WHY HE WOULDN’T BE: The price tag could be more than the Broncos are willing to pay for a quarterback who wouldn’t be handed the keys. It wouldn’t be the No. 9 overall pick, but there could be a combination involved.

“When you look at the teams picking 8, 9, and 12, when you lok at Carolina, you look at Denver, you look at San Francisco, I think all three of those teams could make sense as trade partners for Sam Darnold if they decided togo that route,” NFL Network analyst Daniel Jeremiah said in a conference call with media Tuesday.

“I know people say, ‘Well, there’s no way they’re trading a top 12 pick for Sam.’ No, but I think there’s a way you could work something out there where you attach Sam with another pick.”

Granted, much can be made of the lack of support Darnold received — especially last year. During that 2-14 disaster of a season, the Jets’ best skill-position players other than Darnold were possession receiver Jamison Crowder and 37-year-old running back Frank Gore, who has reached the “audience has become more selective” point of his career at which Spinal Tap arrived during the band’s 1982 “Smell the Glove” tour.

Furthermore, success stories among first-round quarterbacks who didn’t make it to their fourth season with the club with whom they made their regular-season debuts are hard to find.

Consider this: There have been 120 quarterbacks taken in the first round of the common-draft era, which began in 1967. If traded, Darnold would become the 20th of that group who were on a team different from the one with which they made their debut by the start of their fourth season.

  • Dwayne Haskins
  • Josh Rosen
  • Paxton Lynch
  • Johnny Manziel
  • Brandon Weeden
  • JaMarcus Russell
  • Brady Quinn
  • Jay Cutler
  • Cade McNown
  • Ryan Leaf
  • Jim Druckenmiller
  • Heath Shuler
  • Tommy Maddox
  • Todd Marinovich
  • Art Schlichter
  • Steve Pisarkiewicz
  • Jerry Tagge
  • John Reaves
  • Marty Domres

Of those 19 quarterbacks, just one — Cutler — became a viable long-term starter. But his trade was under extenuating circumstances tied to then-Broncos coach Josh McDaniels. Cutler was a Pro Bowler the season before; he wasn’t dealt because he wasn’t good enough.

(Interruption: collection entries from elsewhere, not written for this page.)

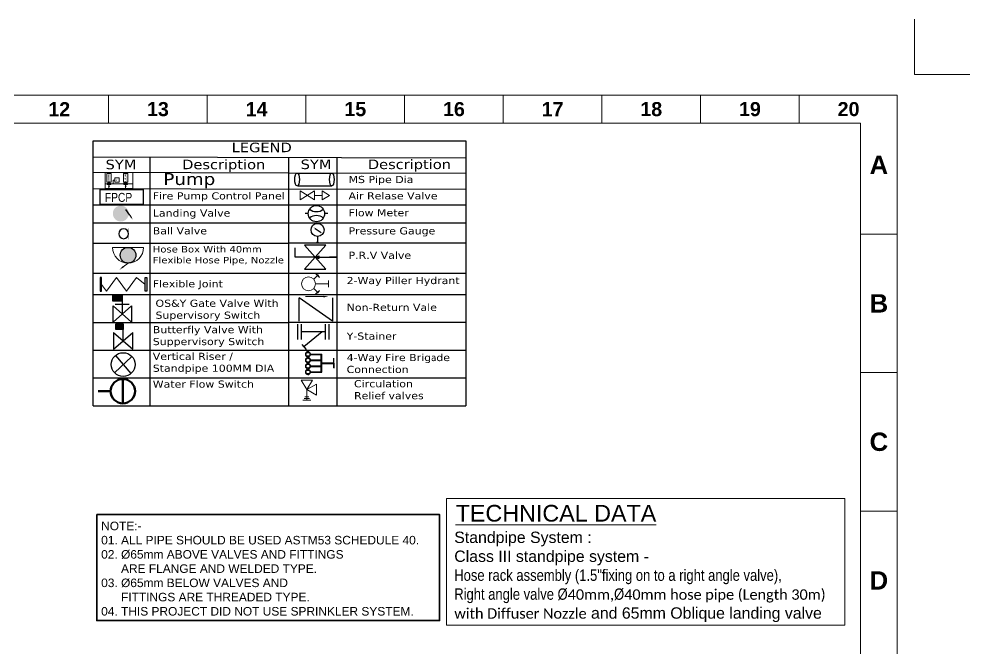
# Model space of a CAD drawing. Header units: inches. Extents: x -98933 to 1585249, y -3352739 to 192771.
# Drawn here: x 58305 to 59235, y 50376 to 50991 of the extents above; entities that cross this region are included whole.
import ezdxf

# ---------------------------------------------------------------- set-up
doc = ezdxf.new("R2010")
doc.units = ezdxf.units.IN
doc.header["$MEASUREMENT"] = 0
doc.linetypes.add('CONTINOUS', pattern=[0])
doc.layers.get('0').update_dxf_attribs({"lineweight": 0})
doc.layers.get('Defpoints').update_dxf_attribs({"lineweight": 0})
doc.layers.add('8', color=7, linetype='Continuous')
doc.layers.add('FIREFIGHTING', color=241, linetype='Continuous')
for name, color, linetype, lineweight in [('DIM', 7, 'Continuous', 0), ('FIRE SCH', 8, 'Continuous', 0), ('FITTINGS', 6, 'Continuous', 13), ('FPS- Butterfly Valve', 1, 'Continuous', 25), ('FPS- FBC-2', 1, 'Continuous', 25), ('FPS- Flexible Joint', 1, 'Continuous', 25), ('FPS- Hose Box', 1, 'Continuous', 25), ('FPS- Landing Valve', 1, 'Continuous', 25), ('FPS- Non Ruturn Valve', 1, 'Continuous', 25), ('FPS- OSY Valve', 1, 'Continuous', 25), ('FPS- Pillar Hydrant', 1, 'Continuous', 25), ('FPS- Pressure Gauge', 1, 'Continuous', 25), ('FPS- Pressure Relief Valve', 1, 'Continuous', 25), ('FPS- Riser', 1, 'Continuous', 25), ('FPS- Y-Strainer', 1, 'Continuous', 25), ('Inline', 7, 'Continuous', 0), ('Layer1', 134, 'Continuous', 0), ('NI_TEXT', 144, 'Continuous', 15), ('OHTDELIVERY', 7, 'Continuous', 0), ('Outline', 7, 'Continuous', 0), ('pipe line', 1, 'Continuous', 25), ('Scale', 7, 'Continuous', 0), ('Scale_Text', 7, 'Continuous', 0), ('SHEET', 186, 'Continuous', 35), ('Text', 7, 'Continuous', 0), ('Text1', 7, 'Continuous', 13), ('Titelblk', 7, 'Continuous', 25), ('TITLE', 7, 'Continuous', 20)]:
    doc.layers.add(name, color=color, linetype=linetype, lineweight=lineweight)
doc.styles.add('AREAL', font='arial.ttf')
doc.styles.add('new', font='tahoma.ttf', dxfattribs={"width": 1.3})
doc.styles.add('rafik', font='arial.ttf')
doc.styles.get("Standard").update_dxf_attribs({"font": 'arialbd.ttf', "height": 24})
doc.styles.add('TX 5', font='ARIALN.TTF')

# ---------------------------------------------------------------- blocks, each defined once
blk = doc.blocks.new('www')
at = {"layer": 'SHEET', "color": 7}
blk.add_lwpolyline([(-53842.7, 39693.4), (-53450.7, 39693.4), (-53450.7, 39572.2), (-53842.7, 39572.2)], close=True, dxfattribs=at)
at = {"layer": 'NI_TEXT', "insert": (-53837.6, 39685.3), "char_height": 9.754, "width": 1359.565, "attachment_point": 1, "style": 'AREAL'}
blk.add_mtext('{\\C5;NOTE:-\\C96;\\P\\C0;01. ALL PIPE SHOULD BE USED ASTM53 SCHEDULE 40.\\P02. Ø65mm ABOVE VALVES AND FITTINGS \\P      ARE FLANGE AND WELDED TYPE.\\P03. Ø65mm BELOW VALVES AND \\P      FITTINGS ARE THREADED TYPE.\\P04. THIS PROJECT DID NOT USE SPRINKLER SYSTEM.}', dxfattribs=at)
blk = doc.blocks.new('111')
at = {"layer": 'FITTINGS', "color": 7, "ltscale": 5}
blk.add_lwpolyline([(-53221.5, 39959.8), (-52766, 39959.8), (-52766, 39814.9), (-53221.5, 39814.9)], close=True, dxfattribs=at)
at = {"layer": 'Text', "color": 7, "insert": (-53212.5, 39921.8), "char_height": 12.97, "width": 761.009, "attachment_point": 1, "style": 'AREAL'}
blk.add_mtext('{\\C0;Standpipe System : \\PClass III standpipe system - \\P\\fArial Narrow|b0|i0|c0|p34;Hose rack assembly (1.5"fixing on to a right angle valve),\\fCalibri|b0|i0|c0|p34;\\H0.9167x;\\P\\fArial Narrow|b0|i0|c0|p34;\\H1.091x;Right angle \\H0.9998x;valve Ø\\fCalibri|b0|i0|c0|p34;\\H0.9167x;40mm,\\fArial Narrow|b0|i0|c0|p34;\\H1.091x;Ø\\fCalibri|b0|i0|c0|p34;\\H0.9167x;40mm hose pipe (Length 30m) \\Pwith Diffuser Nozzle\\fArial|b0|i0|c0|p34;\\H1.091x; and 65mm Oblique landing valve}', dxfattribs=at)
at = {"layer": 'Text1', "color": 7, "style": 'rafik'}
blk.add_text('%%UTECHNICAL DATA', height=19.067, dxfattribs=at).set_placement((-53210.9, 39933.3))
blk = doc.blocks.new('PAGE')
at = {"layer": 'Inline', "color": 252, "lineweight": 15}
blk.add_lwpolyline([(178051640.63, 22656441.11), (178051640.63, 22657235.79), (178050505.36, 22657235.79), (178050505.36, 22656441.11)], close=True, dxfattribs=at)
at = {"layer": 'Outline', "color": 252, "lineweight": 15}
for p, q in [((178051662.57, 22657252.66), (178050483.42, 22657252.66)), ((178051662.57, 22656424.24), (178051662.57, 22657252.66))]:
    blk.add_line(p, q, dxfattribs=at)
at = {"layer": 'Scale', "color": 252, "lineweight": 9}
for p, q in [((178051190.99, 22657235.79), (178051190.99, 22657252.66)), ((178051249.99, 22657235.79), (178051249.99, 22657252.66)), ((178051308.99, 22657235.79), (178051308.99, 22657252.66)), ((178051367.98, 22657235.79), (178051367.98, 22657252.66)), ((178051426.98, 22657235.79), (178051426.98, 22657252.66)), ((178051485.98, 22657235.79), (178051485.98, 22657252.66)), ((178051544.98, 22657235.79), (178051544.98, 22657252.66)), ((178051603.97, 22657235.79), (178051603.97, 22657252.66)), ((178051640.63, 22657169.57), (178051662.57, 22657169.57)), ((178051640.63, 22657086.79), (178051662.57, 22657086.79)), ((178051640.63, 22657004.01), (178051662.57, 22657004.01))]:
    blk.add_line(p, q, dxfattribs=at)
at = {"layer": 'Scale_Text', "color": 252, "lineweight": 13, "attachment_point": 5}
for s, insert, char_height, width in [('12', (178051161.49, 22657244.22), 8.435, 2.5102), ('13', (178051220.49, 22657244.22), 8.435, 2.5102), ('14', (178051279.49, 22657244.22), 8.435, 2.5102), ('15', (178051338.49, 22657244.22), 8.435, 2.5102), ('16', (178051397.48, 22657244.22), 8.435, 2.5102), ('17', (178051456.48, 22657244.22), 8.435, 2.5102), ('18', (178051515.48, 22657244.22), 8.435, 2.5102), ('19', (178051574.48, 22657244.22), 8.435, 2.5102), ('20', (178051633.47, 22657244.22), 8.435, 2.5102), ('A', (178051651.6, 22657210.97), 10.97, 8.3603), ('B', (178051651.6, 22657128.18), 10.97, 8.3603), ('C', (178051651.6, 22657045.4), 10.97, 8.3603), ('D', (178051651.6, 22656962.62), 10.97, 8.3603)]:
    blk.add_mtext(s, dxfattribs=dict(at, insert=insert, char_height=char_height, width=width))
blk = doc.blocks.new('Title')
at = {"layer": 'Defpoints', "color": 1, "ltscale": 10}
blk.add_lwpolyline([(-98623, -85271), (-98623, -85371), (-98523, -85371)], dxfattribs=at)
at = {"layer": 'Titelblk', "color": 3, "linetype": 'Continuous', "lineweight": 0, "xscale": 3.014611567961765, "yscale": 3.014611567959946, "zscale": 3.014611567966516}
blk.add_blockref('PAGE', (-536855255.8, -68388224), dxfattribs=at)
blk = doc.blocks.new('FPS- Pressure Relief Valve')
at = {"layer": 'FPS- Pressure Relief Valve', "ltscale": 15}
h = blk.add_hatch(color=256, dxfattribs=at)
h.paths.add_polyline_path([(-4331.85, -12011.46), (-4331.85, -12012.27), (-4334.03, -12011.46)])
h.paths.add_polyline_path([(-4331.85, -12010.65), (-4331.85, -12011.46), (-4334.03, -12011.46)])
for p, q in [((-4345.87, -12011.46), (-4345.87, -12005.91)), ((-4327.84, -12004.47), (-4340.22, -12004.47)), ((-4327.84, -12004.47), (-4340.22, -12018.46)), ((-4340.22, -12004.47), (-4327.84, -12018.46)), ((-4334.03, -12011.46), (-4345.87, -12011.46)), ((-4334.03, -12011.46), (-4331.85, -12010.65)), ((-4334.03, -12011.46), (-4321.57, -12011.46)), ((-4334.03, -12011.46), (-4331.85, -12012.27)), ((-4334.03, -12011.46), (-4331.85, -12012.27)), ((-4331.85, -12010.65), (-4331.85, -12012.27)), ((-4321.57, -12011.46), (-4325.71, -12011.46)), ((-4340.22, -12018.46), (-4327.84, -12018.46))]:
    blk.add_line(p, q, dxfattribs=at)
blk = doc.blocks.new('FPS- Pressure Gauge')
at = {"layer": 'FPS- Pressure Gauge', "color": 7}
blk.add_lwpolyline([(-4336.3, -11954.31), (-4331.7, -11957.45)], dxfattribs=at)
at = {"layer": 'FPS- Pressure Gauge', "color": 1}
for points in [[(-4334.6, -11965.05), (-4335.45, -11965.05), (-4333.83, -11965.05)], [(-4334.6, -11960.37), (-4334.6, -11965.05)]]:
    blk.add_lwpolyline(points, dxfattribs=at)
blk.add_circle((-4334.6, -11955.37), 5.01, dxfattribs=at)
at = {"layer": 'FPS- Pressure Gauge', "color": 7}
blk.add_solid([(-4336.49, -11954.57), (-4337.91, -11953.21), (-4336.12, -11954.04)], dxfattribs=at)
blk = doc.blocks.new('FPS- Non Ruturn Valve')
at = {"layer": 'FPS- Non Ruturn Valve', "color": 1, "ltscale": 2}
for p, q in [((-4341.32, -11946.47), (-4341.32, -11935.64)), ((-4325.74, -11946.47), (-4341.32, -11935.64)), ((-4325.74, -11935.64), (-4325.74, -11946.47))]:
    blk.add_line(p, q, dxfattribs=at)
at = {"layer": 'FPS- Non Ruturn Valve', "color": 7, "lineweight": 5}
blk.add_lwpolyline([(-4330.01, -11935.05), (-4338.35, -11935.05)], dxfattribs=at)
blk.add_solid([(-4330.01, -11934.65), (-4327.64, -11935.05), (-4330.01, -11935.44)], dxfattribs=at)
blk = doc.blocks.new('FPS- Y-Strainer')
at = {"layer": 'FPS- Y-Strainer', "color": 1, "linetype": 'Continuous'}
for p, q in [((-4339.07, -11925.71), (-4328.32, -11916.87)), ((-4327.1, -11918.41), (-4329.53, -11915.33)), ((-4343.02, -11921.2), (-4343.02, -11930.22)), ((-4340.9, -11921.2), (-4340.9, -11930.22)), ((-4326.91, -11921.2), (-4326.91, -11930.22)), ((-4324.8, -11921.2), (-4324.8, -11930.22)), ((-4340.9, -11925.71), (-4326.91, -11925.71))]:
    blk.add_line(p, q, dxfattribs=at)
blk = doc.blocks.new('FLOW MITER')
at = {"color": 1, "lineweight": 30}
for p, q in [((-163218.73, -135017.19), (-163219.31, -135017.19)), ((-163215.04, -135017.19), (-163215.63, -135017.19))]:
    blk.add_line(p, q, dxfattribs=at)
blk.add_circle((-163217.18, -135017.19), 1.55, dxfattribs=at)
for centre, start, end in [((-163217.18, -135014.83), 229.3985, 310.6015), ((-163217.18, -135019.55), 49.3985, 130.6015)]:
    blk.add_arc(centre, 1.99, start, end, dxfattribs=at)
blk = doc.blocks.new('FPS- Pillar Hydrant')
at = {"layer": 'FPS- Pillar Hydrant', "lineweight": 0}
for p, q in [((-4332.24, -11785.1), (-4333.39, -11783.95)), ((-4333.39, -11783.95), (-4331.04, -11786.3)), ((-4333.39, -11783.95), (-4331.04, -11786.3)), ((-4331.95, -11784.81), (-4333.39, -11783.95)), ((-4331.04, -11786.3), (-4331.95, -11784.81)), ((-4332.11, -11785.13), (-4334.44, -11787.46)), ((-4333.42, -11790.19), (-4325.55, -11790.19)), ((-4325.55, -11792.25), (-4325.55, -11788.24)), ((-4325.55, -11790.19), (-4325.55, -11792.25)), ((-4332.11, -11795.24), (-4334.44, -11792.92)), ((-4333.39, -11796.43), (-4331.04, -11794.08)), ((-4333.39, -11796.43), (-4331.04, -11794.08)), ((-4332.24, -11795.27), (-4333.39, -11796.43)), ((-4331.95, -11795.56), (-4333.39, -11796.43)), ((-4331.04, -11794.08), (-4331.95, -11795.56))]:
    blk.add_line(p, q, dxfattribs=at)
blk.add_circle((-4337.58, -11790.19), 4.16, dxfattribs=at)
blk = doc.blocks.new('A$C3D6C2CD6')
at = {"layer": 'pipe line', "color": 1, "lineweight": 0}
for p, q in [((133, 872), (0, 657)), ((266, 657), (133, 872)), ((0, 657), (266, 657)), ((133, 657), (133, 431)), ((266, 0), (0, 431)), ((266, 431), (0, 0)), ((0, 431), (266, 431)), ((0, 0), (266, 0))]:
    blk.add_line(p, q, dxfattribs=at)
blk = doc.blocks.new('FPS- Hose Box')
at = {"layer": 'FPS- Hose Box'}
blk.add_hatch(color=1, dxfattribs=at).paths.add_polyline_path([(-4357.16, -12025.03, -1), (-4357.15, -12009.48, -1)])
at = {"layer": 'FPS- Hose Box', "color": 1, "lineweight": 0}
blk.add_line((-4349.44, -12001.7), (-4349.45, -12032.6), dxfattribs=at)
blk.add_line((-4349.44, -12001.7), (-4349.45, -12032.6), dxfattribs=at)
at = {"layer": 'FPS- Hose Box', "color": 1, "lineweight": 0, "ltscale": 10}
blk.add_lwpolyline([(-4368.62, -12012.36), (-4364.89, -12017.15)], dxfattribs=at)
at = {"layer": 'FPS- Hose Box', "color": 1}
blk.add_circle((-4357.12, -12017.15), 7.77, dxfattribs=at)
at = {"layer": 'FPS- Hose Box', "color": 1, "lineweight": 0}
blk.add_arc((-4349.44, -12017.15), 15.45, 89.98105, 269.98105, dxfattribs=at)
at = {"layer": 'FPS- Hose Box', "color": 1, "lineweight": 0, "ltscale": 10}
blk.add_solid([(-4368, -12011.87), (-4371.56, -12008.59), (-4369.25, -12012.85)], dxfattribs=at)
blk = doc.blocks.new('FPS- Butterfly Valve')
at = {"layer": 'FPS- Butterfly Valve'}
h = blk.add_hatch(color=5, dxfattribs=at)
h.dxf.hatch_style = 1
h.paths.add_polyline_path([(-4333.69, -11862.12), (-4333.69, -11865.64), (-4338.21, -11865.64), (-4338.21, -11862.12)])
at = {"layer": 'FPS- Butterfly Valve', "color": 4}
for p, q in [((-4338.21, -11865.64), (-4338.21, -11862.12)), ((-4338.21, -11862.12), (-4333.69, -11862.12)), ((-4333.69, -11862.12), (-4333.69, -11865.64)), ((-4333.69, -11865.64), (-4338.21, -11865.64))]:
    blk.add_line(p, q, dxfattribs=at)
at = {"layer": 'FPS- Butterfly Valve', "color": 1, "ltscale": 2}
for p, q in [((-4333.69, -11872.71), (-4333.69, -11862.12)), ((-4339.63, -11867.44), (-4339.63, -11877.97)), ((-4339.63, -11867.44), (-4327.75, -11877.97)), ((-4339.63, -11877.97), (-4327.75, -11867.44)), ((-4327.75, -11877.97), (-4327.75, -11867.44))]:
    blk.add_line(p, q, dxfattribs=at)
blk = doc.blocks.new('FPS- OSY Valve')
at = {"lineweight": -2}
h = blk.add_hatch(color=5, dxfattribs=at)
h.dxf.hatch_style = 1
h.paths.add_polyline_path([(-4338.77, -11843.67), (-4338.77, -11846.83), (-4333.36, -11846.83), (-4333.36, -11843.67)])
blk.add_lwpolyline([(-4333.36, -11843.67), (-4338.77, -11843.67), (-4338.77, -11846.83), (-4333.36, -11846.83)], close=True, dxfattribs=at)
at = {"layer": 'FPS- OSY Valve', "color": 1, "ltscale": 2}
for p, q in [((-4333.36, -11854.08), (-4333.36, -11843.66)), ((-4338.34, -11858.48), (-4338.34, -11849.67)), ((-4328.38, -11849.67), (-4338.34, -11858.48)), ((-4328.38, -11858.48), (-4338.34, -11849.67)), ((-4329.73, -11848.86), (-4337.38, -11848.86)), ((-4328.38, -11849.67), (-4328.38, -11858.48))]:
    blk.add_line(p, q, dxfattribs=at)
blk = doc.blocks.new('FPS- Landing Valve')
at = {"layer": 'FPS- Landing Valve'}
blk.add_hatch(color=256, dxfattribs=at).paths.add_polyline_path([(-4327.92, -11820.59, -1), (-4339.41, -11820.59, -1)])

Maybe Darnold can become like Cutler. But the outcomes for the other 18 quarterbacks don’t offer much reason for optimism.

HOW THE BRONCOS MIGHT GET HIM: Via trade. Trading the No. 9 overall pick would be folly. However, Darnold could likely be acquired in a trade that involves an exchange of choices that sends the equivalent of a pick from late in Round 1 or early in Round 2.

Still, if the Jets do deal Darnold — don’t bet on the Broncos being the team that snares him, mainly because giving Darnold the job would be a curious move, since across the board, he isn’t better than Lock.

“If you’re going to make a move for Sam Darnold. I don’t think he’s the bridge,” Jeremiah said. “I think you’re hoping he’s the building. That’s what you’re doing if you make that move.”

There’s a better chance of Lock being “the building” for the Broncos than Darnold.